(Supplied records)

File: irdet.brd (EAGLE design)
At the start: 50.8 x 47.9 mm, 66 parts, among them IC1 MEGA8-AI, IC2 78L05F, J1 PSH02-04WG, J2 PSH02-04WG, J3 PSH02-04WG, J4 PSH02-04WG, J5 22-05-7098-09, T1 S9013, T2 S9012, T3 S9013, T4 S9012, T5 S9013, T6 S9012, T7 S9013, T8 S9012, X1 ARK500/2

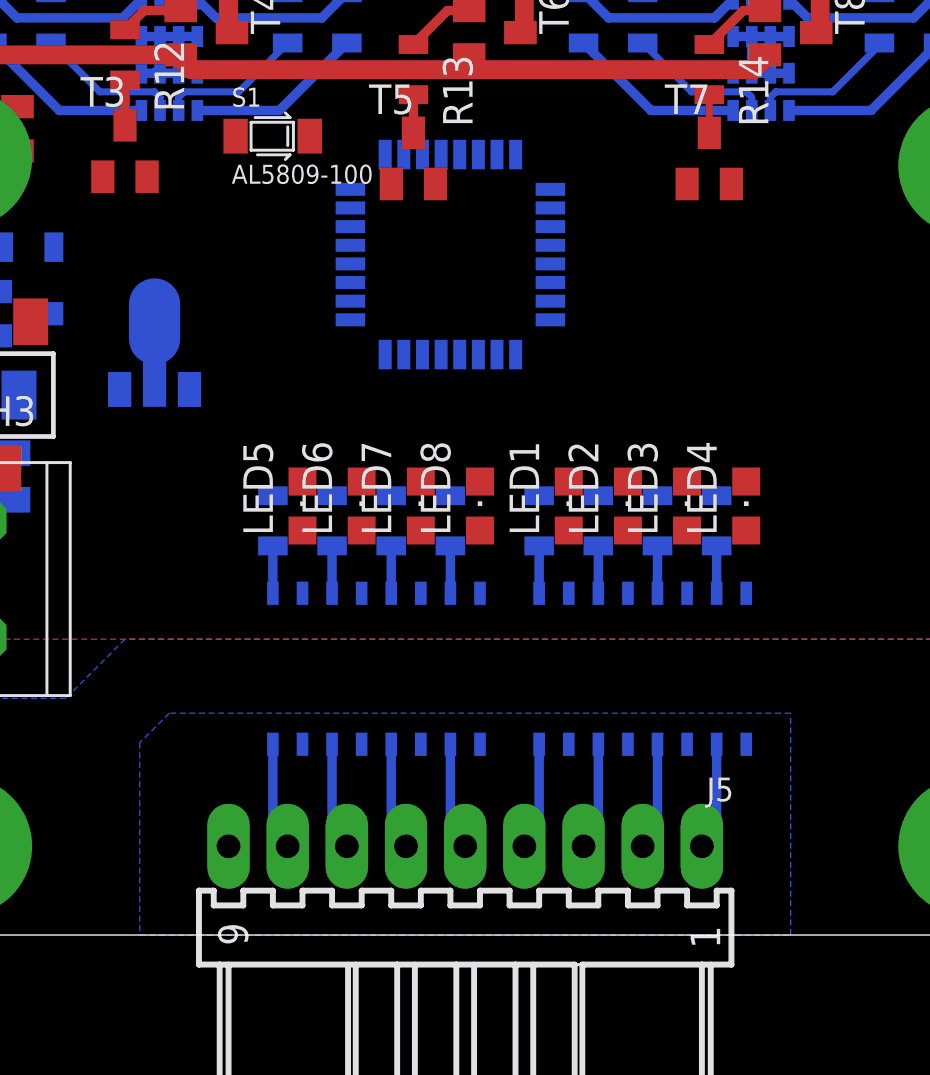
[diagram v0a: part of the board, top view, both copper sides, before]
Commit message: Rotate CPU.
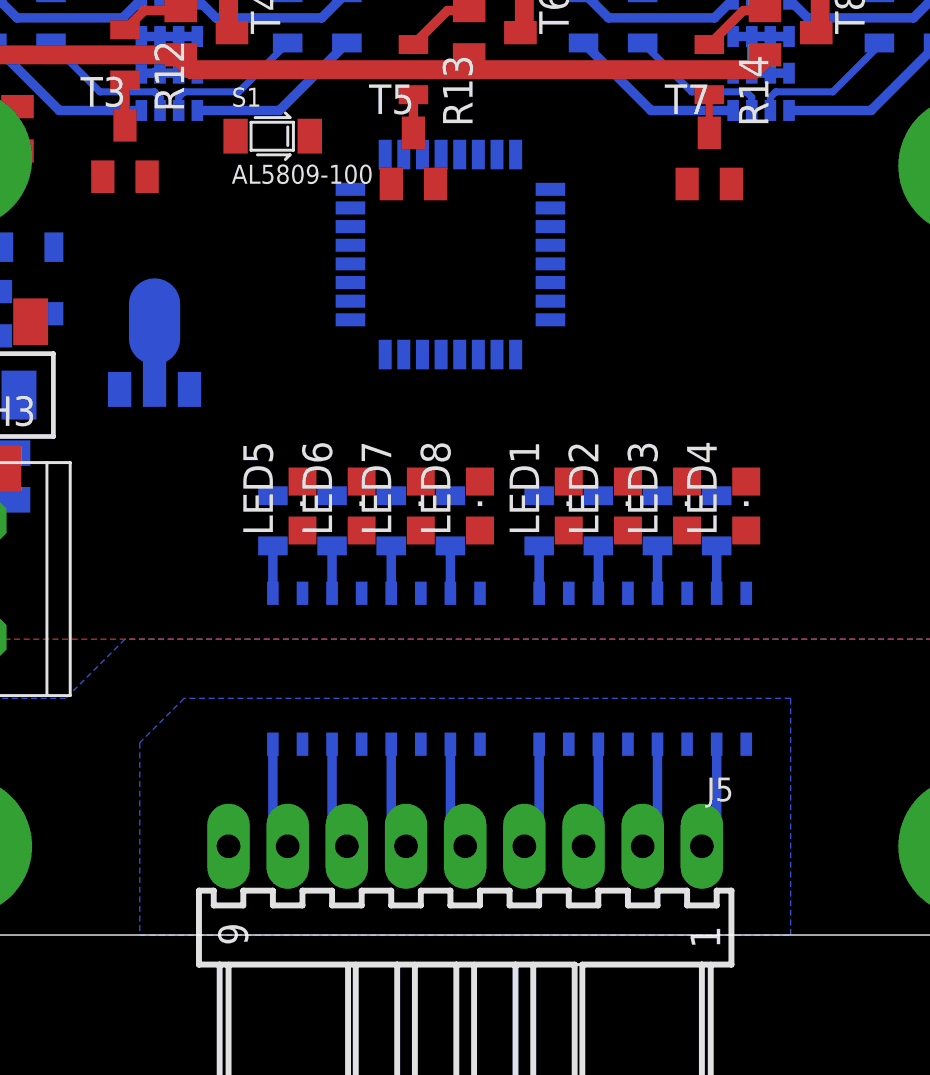
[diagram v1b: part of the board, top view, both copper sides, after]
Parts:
- turned IC1 to 0 degrees

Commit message: Add rest of PCB.
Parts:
- removed C3: 100n, rcl:C0805
- added X2: ARK500/2, con-malina:ARK500/2
- moved ISP1 43.8 mm to (39.4, 24.8), turned to 90 degrees
- moved R1 42.7 mm to (34.6, 27.9), flipped to the bottom, turned to 270 degrees
- moved C2 39.6 mm to (32.4, 27.9), flipped to the bottom, turned to 270 degrees
- moved C16 27.2 mm to (14.0, 28.9), turned to 180 degrees
- moved C1 24.3 mm to (18.4, 27.0), flipped to the bottom, turned to 270 degrees
- moved C8 15.3 mm to (7.94, 14.3), turned to 270 degrees
- moved C7 12.8 mm to (7.94, 18.1), turned to 270 degrees
- moved R2 9.55 mm to (11.7, 27.0), turned to 270 degrees
- moved TH3 9.38 mm to (12.7, 18.7)
- moved IC2 8.28 mm to (12.7, 17.1), turned to 90 degrees
- moved C13 7.73 mm to (9.84, 27.0), turned to 90 degrees
- moved T3 7.24 mm to (17.8, 31.8)
- moved R11 6.36 mm to (7.94, 34.3), turned to 315 degrees
- moved T1 6.11 mm to (10.5, 31.8), turned to 0 degrees
- moved C12 6.03 mm to (3.17, 25.7), turned to 0 degrees
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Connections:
- removed net MISO: IC1.16, ISP1.1
- removed net MOSI/IN7: C14.1, IC1.15, ISP1.4, RN4.2
- removed net N$34: F1.1, X1.1
- removed net OUT1: IC1.30, R3.1
- removed net OUT2: IC1.31, R4.1
- new net +12VIN: F1.1, X1.2, X2.1
- new net IN7: C14.1, IC1.32, RN4.2
- new net MISO/OUT1: IC1.16, ISP1.1, R7.1
- new net MOSI/OUT2: IC1.15, ISP1.4, R8.1
- net +5V: no longer C3.1
- net CPUPOW1-2: now also IC1.23; no longer IC1.12
- net CPUPOW3-4: now also IC1.24; no longer IC1.13
- net CPUPOW5-6: now also IC1.2; no longer IC1.14
- net GND: now also X1.1, X2.2; no longer C3.2, X1.2
- net IN1: now also IC1.25; no longer IC1.23
- net IN2: now also IC1.26; no longer IC1.24
- net IN3: now also IC1.28; no longer IC1.25
- net IN4: now also IC1.27; no longer IC1.26
- net IN5: now also IC1.31; no longer IC1.27
- net IN6: now also IC1.30; no longer IC1.28
- net IN8: now also IC1.1; no longer IC1.8
- net OUT3: now also IC1.14, R9.1; no longer IC1.32, R5.1
- net OUT4: now also IC1.13, R10.1; no longer IC1.1, R6.1
- net OUT5: now also IC1.12, R3.1; no longer IC1.2, R7.1
- net OUT6: now also IC1.11, R4.1; no longer IC1.9, R8.1
- net OUT7: now also R5.1; no longer R9.1
- net OUT8: now also IC1.9, R6.1; no longer IC1.11, R10.1
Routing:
- net +5V: track 12.8 -> 99.1 mm, vias 0 -> 8
- net +12VIN: track 0.00 -> 56.0 mm
- net MOSI/OUT2: track 0.00 -> 25.7 mm, vias 0 -> 1
- net MISO/OUT1: track 0.00 -> 25.2 mm, vias 0 -> 1
- net +12V: track 0.00 -> 24.8 mm, vias 0 -> 1
- net RST: track 0.00 -> 23.7 mm, vias 0 -> 2
- net SCK: track 0.00 -> 23.0 mm, vias 0 -> 1
- net IN7: track 0.00 -> 17.8 mm
- net IN2: track 6.21 -> 20.9 mm
- net CPUPOW1-2: track 0.00 -> 13.3 mm, vias 0 -> 1
- net IN1: track 7.62 -> 20.7 mm
- net CPUPOW7-8: track 0.00 -> 12.9 mm, vias 0 -> 1
- net IN3: track 6.21 -> 17.6 mm
- net IN8: track 7.62 -> 18.8 mm
- net IN6: track 6.21 -> 16.5 mm
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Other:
- board size 50.8 x 47.9 mm -> 50.8 x 45.4 mm

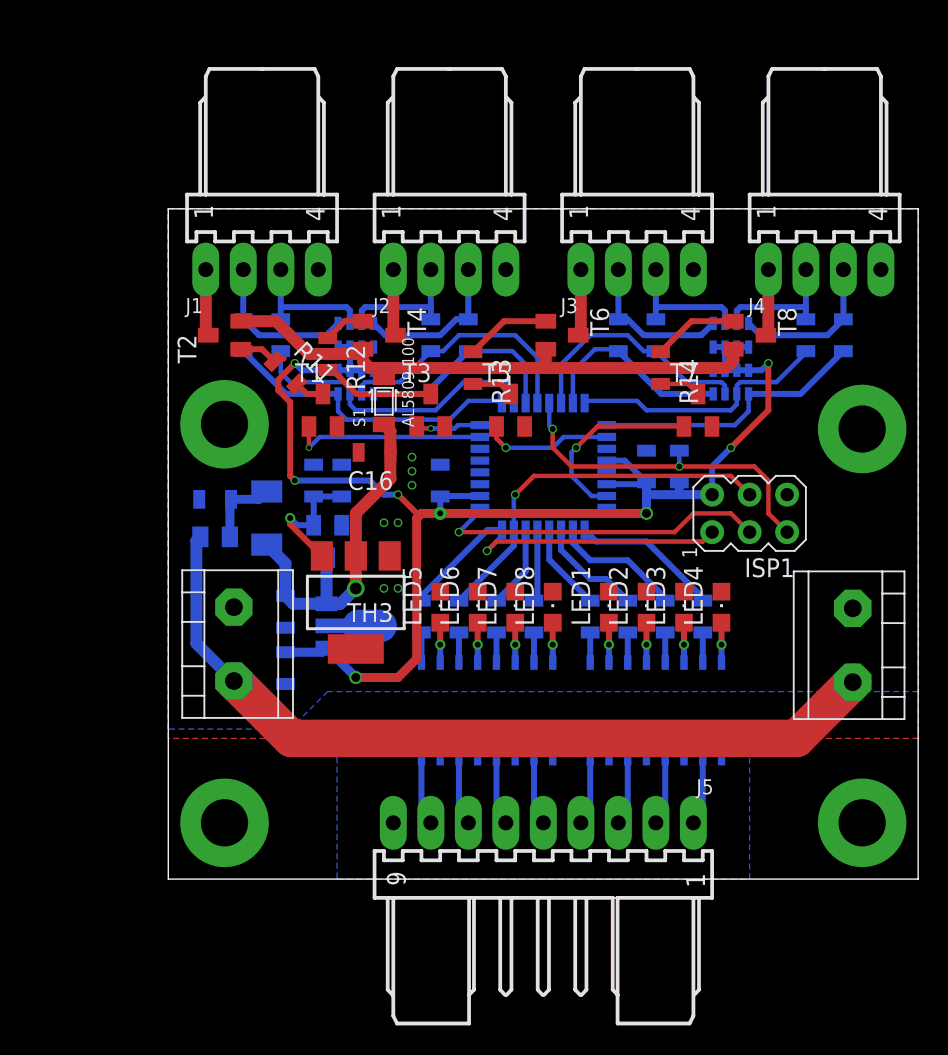
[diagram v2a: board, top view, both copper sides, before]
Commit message: Brd: add texts, position names on silkscreen.
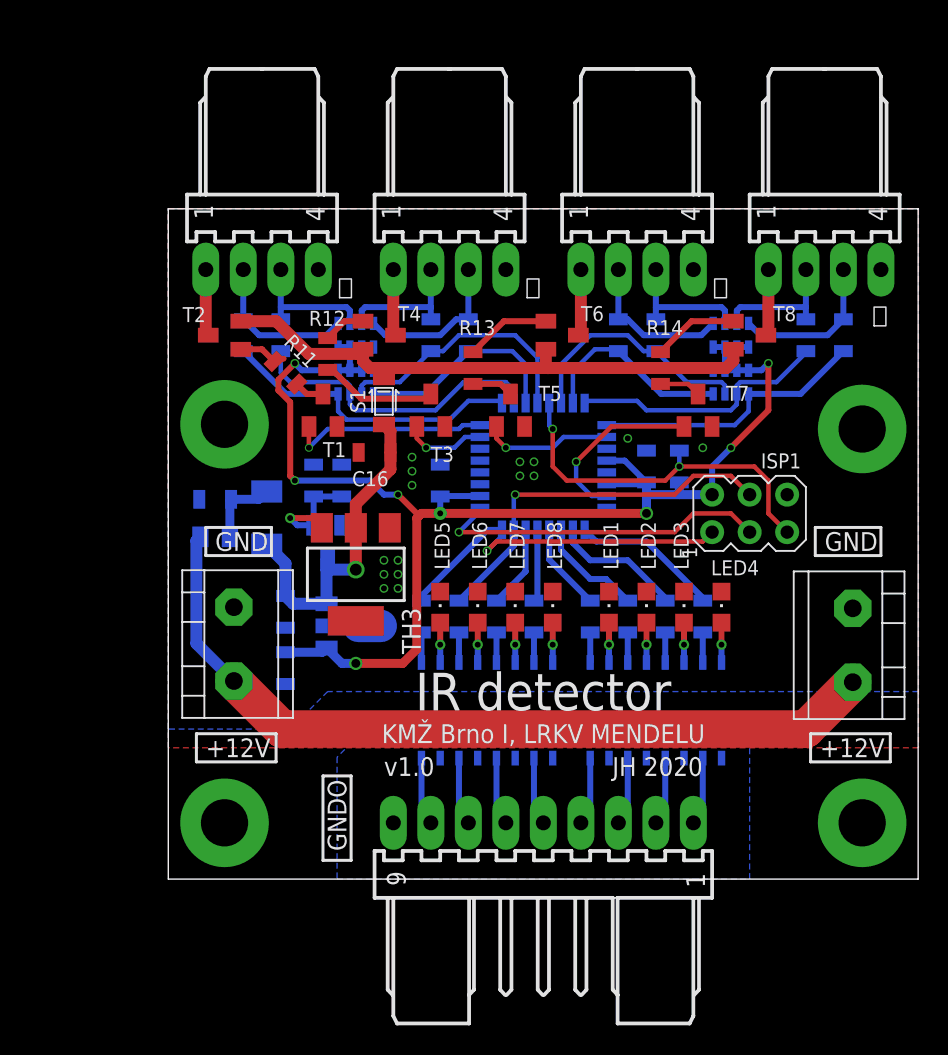
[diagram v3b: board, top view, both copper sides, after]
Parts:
- moved TH3 1.90 mm to (12.7, 20.6)
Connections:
- net CPUPOW1-2: now also IC1.24; no longer IC1.23
- net CPUPOW3-4: now also IC1.23; no longer IC1.24
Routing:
- net RST: track 23.7 -> 25.3 mm
- net +12V: track 24.8 -> 23.4 mm
- net CPUPOW3-4: track 4.42 -> 5.65 mm
- net +5V: track 99.1 -> 97.9 mm
- net N$57: track 9.10 -> 8.07 mm
- net CPUPOW7-8: track 12.9 -> 12.1 mm
- net +12VIN: track 56.0 -> 55.5 mm
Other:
- board text added: "+12V"
- board text added: "GND"
- board text added: "GNDO"
- board text added: "IR detector"
- board text added: "JH 2020"
- board text added: "KMŽ Brno I, LRKV MENDELU"
- board text added: "v1.0"
- board text added: "⏚"

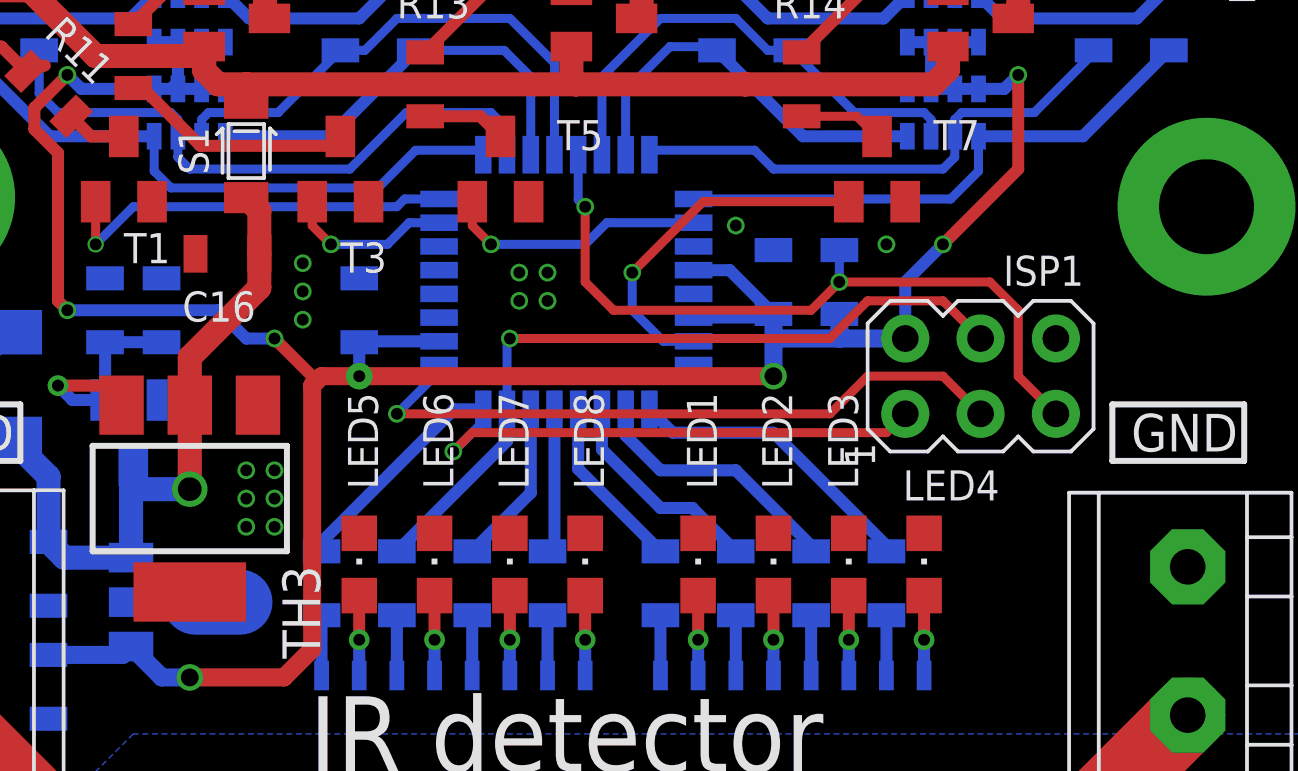
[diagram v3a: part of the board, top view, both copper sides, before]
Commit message: Fix parts names.
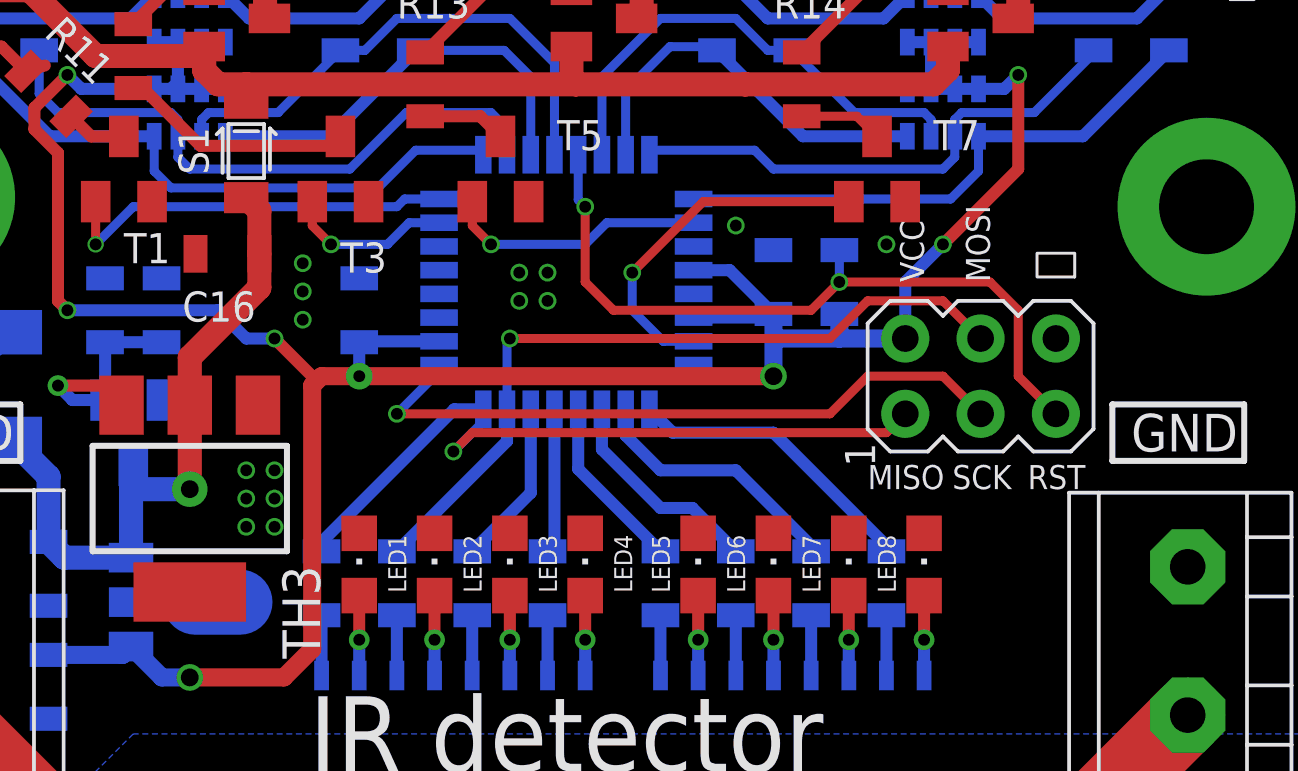
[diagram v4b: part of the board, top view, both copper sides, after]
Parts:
- moved LED4 11.4 mm to (26.0, 18.4)
- moved LED8 11.4 mm to (37.5, 18.4)
- moved OK1 11.4 mm to (21.6, 11.4)
- moved OK2 11.4 mm to (33.0, 11.4)
- moved LED1 11.4 mm to (18.4, 18.4)
- moved LED2 11.4 mm to (21.0, 18.4)
- moved LED5 11.4 mm to (29.8, 18.4)
- moved LED6 11.4 mm to (32.4, 18.4)
- moved LED3 11.4 mm to (23.5, 18.4)
- moved LED7 11.4 mm to (34.9, 18.4)
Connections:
- net N$10: now also OK2.1; no longer OK1.1
- net N$11: now also OK2.7; no longer OK1.7
- net N$12: now also OK2.5; no longer OK1.5
- net N$14: now also OK2.3; no longer OK1.3
- net N$19: now also OK1.1; no longer OK2.1
- net N$20: now also OK1.7; no longer OK2.7
- net N$21: now also OK1.5; no longer OK2.5
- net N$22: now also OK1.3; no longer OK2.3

(Directions for this task) Above are records; repeat only the lines from the line with "- net CPUPOW7-8: track 12.9 -> 12.1 mm" through the line with "- moved LED6 11.4 mm to (32.4, 18.4)", and leave pictures out.

(Output for this task)
- net CPUPOW7-8: track 12.9 -> 12.1 mm
- net +12VIN: track 56.0 -> 55.5 mm
Other:
- board text added: "+12V"
- board text added: "GND"
- board text added: "GNDO"
- board text added: "IR detector"
- board text added: "JH 2020"
- board text added: "KMŽ Brno I, LRKV MENDELU"
- board text added: "v1.0"
- board text added: "⏚"

[diagram v3a: part of the board, top view, both copper sides, before]
Commit message: Fix parts names.
[diagram v4b: part of the board, top view, both copper sides, after]
Parts:
- moved LED4 11.4 mm to (26.0, 18.4)
- moved LED8 11.4 mm to (37.5, 18.4)
- moved OK1 11.4 mm to (21.6, 11.4)
- moved OK2 11.4 mm to (33.0, 11.4)
- moved LED1 11.4 mm to (18.4, 18.4)
- moved LED2 11.4 mm to (21.0, 18.4)
- moved LED5 11.4 mm to (29.8, 18.4)
- moved LED6 11.4 mm to (32.4, 18.4)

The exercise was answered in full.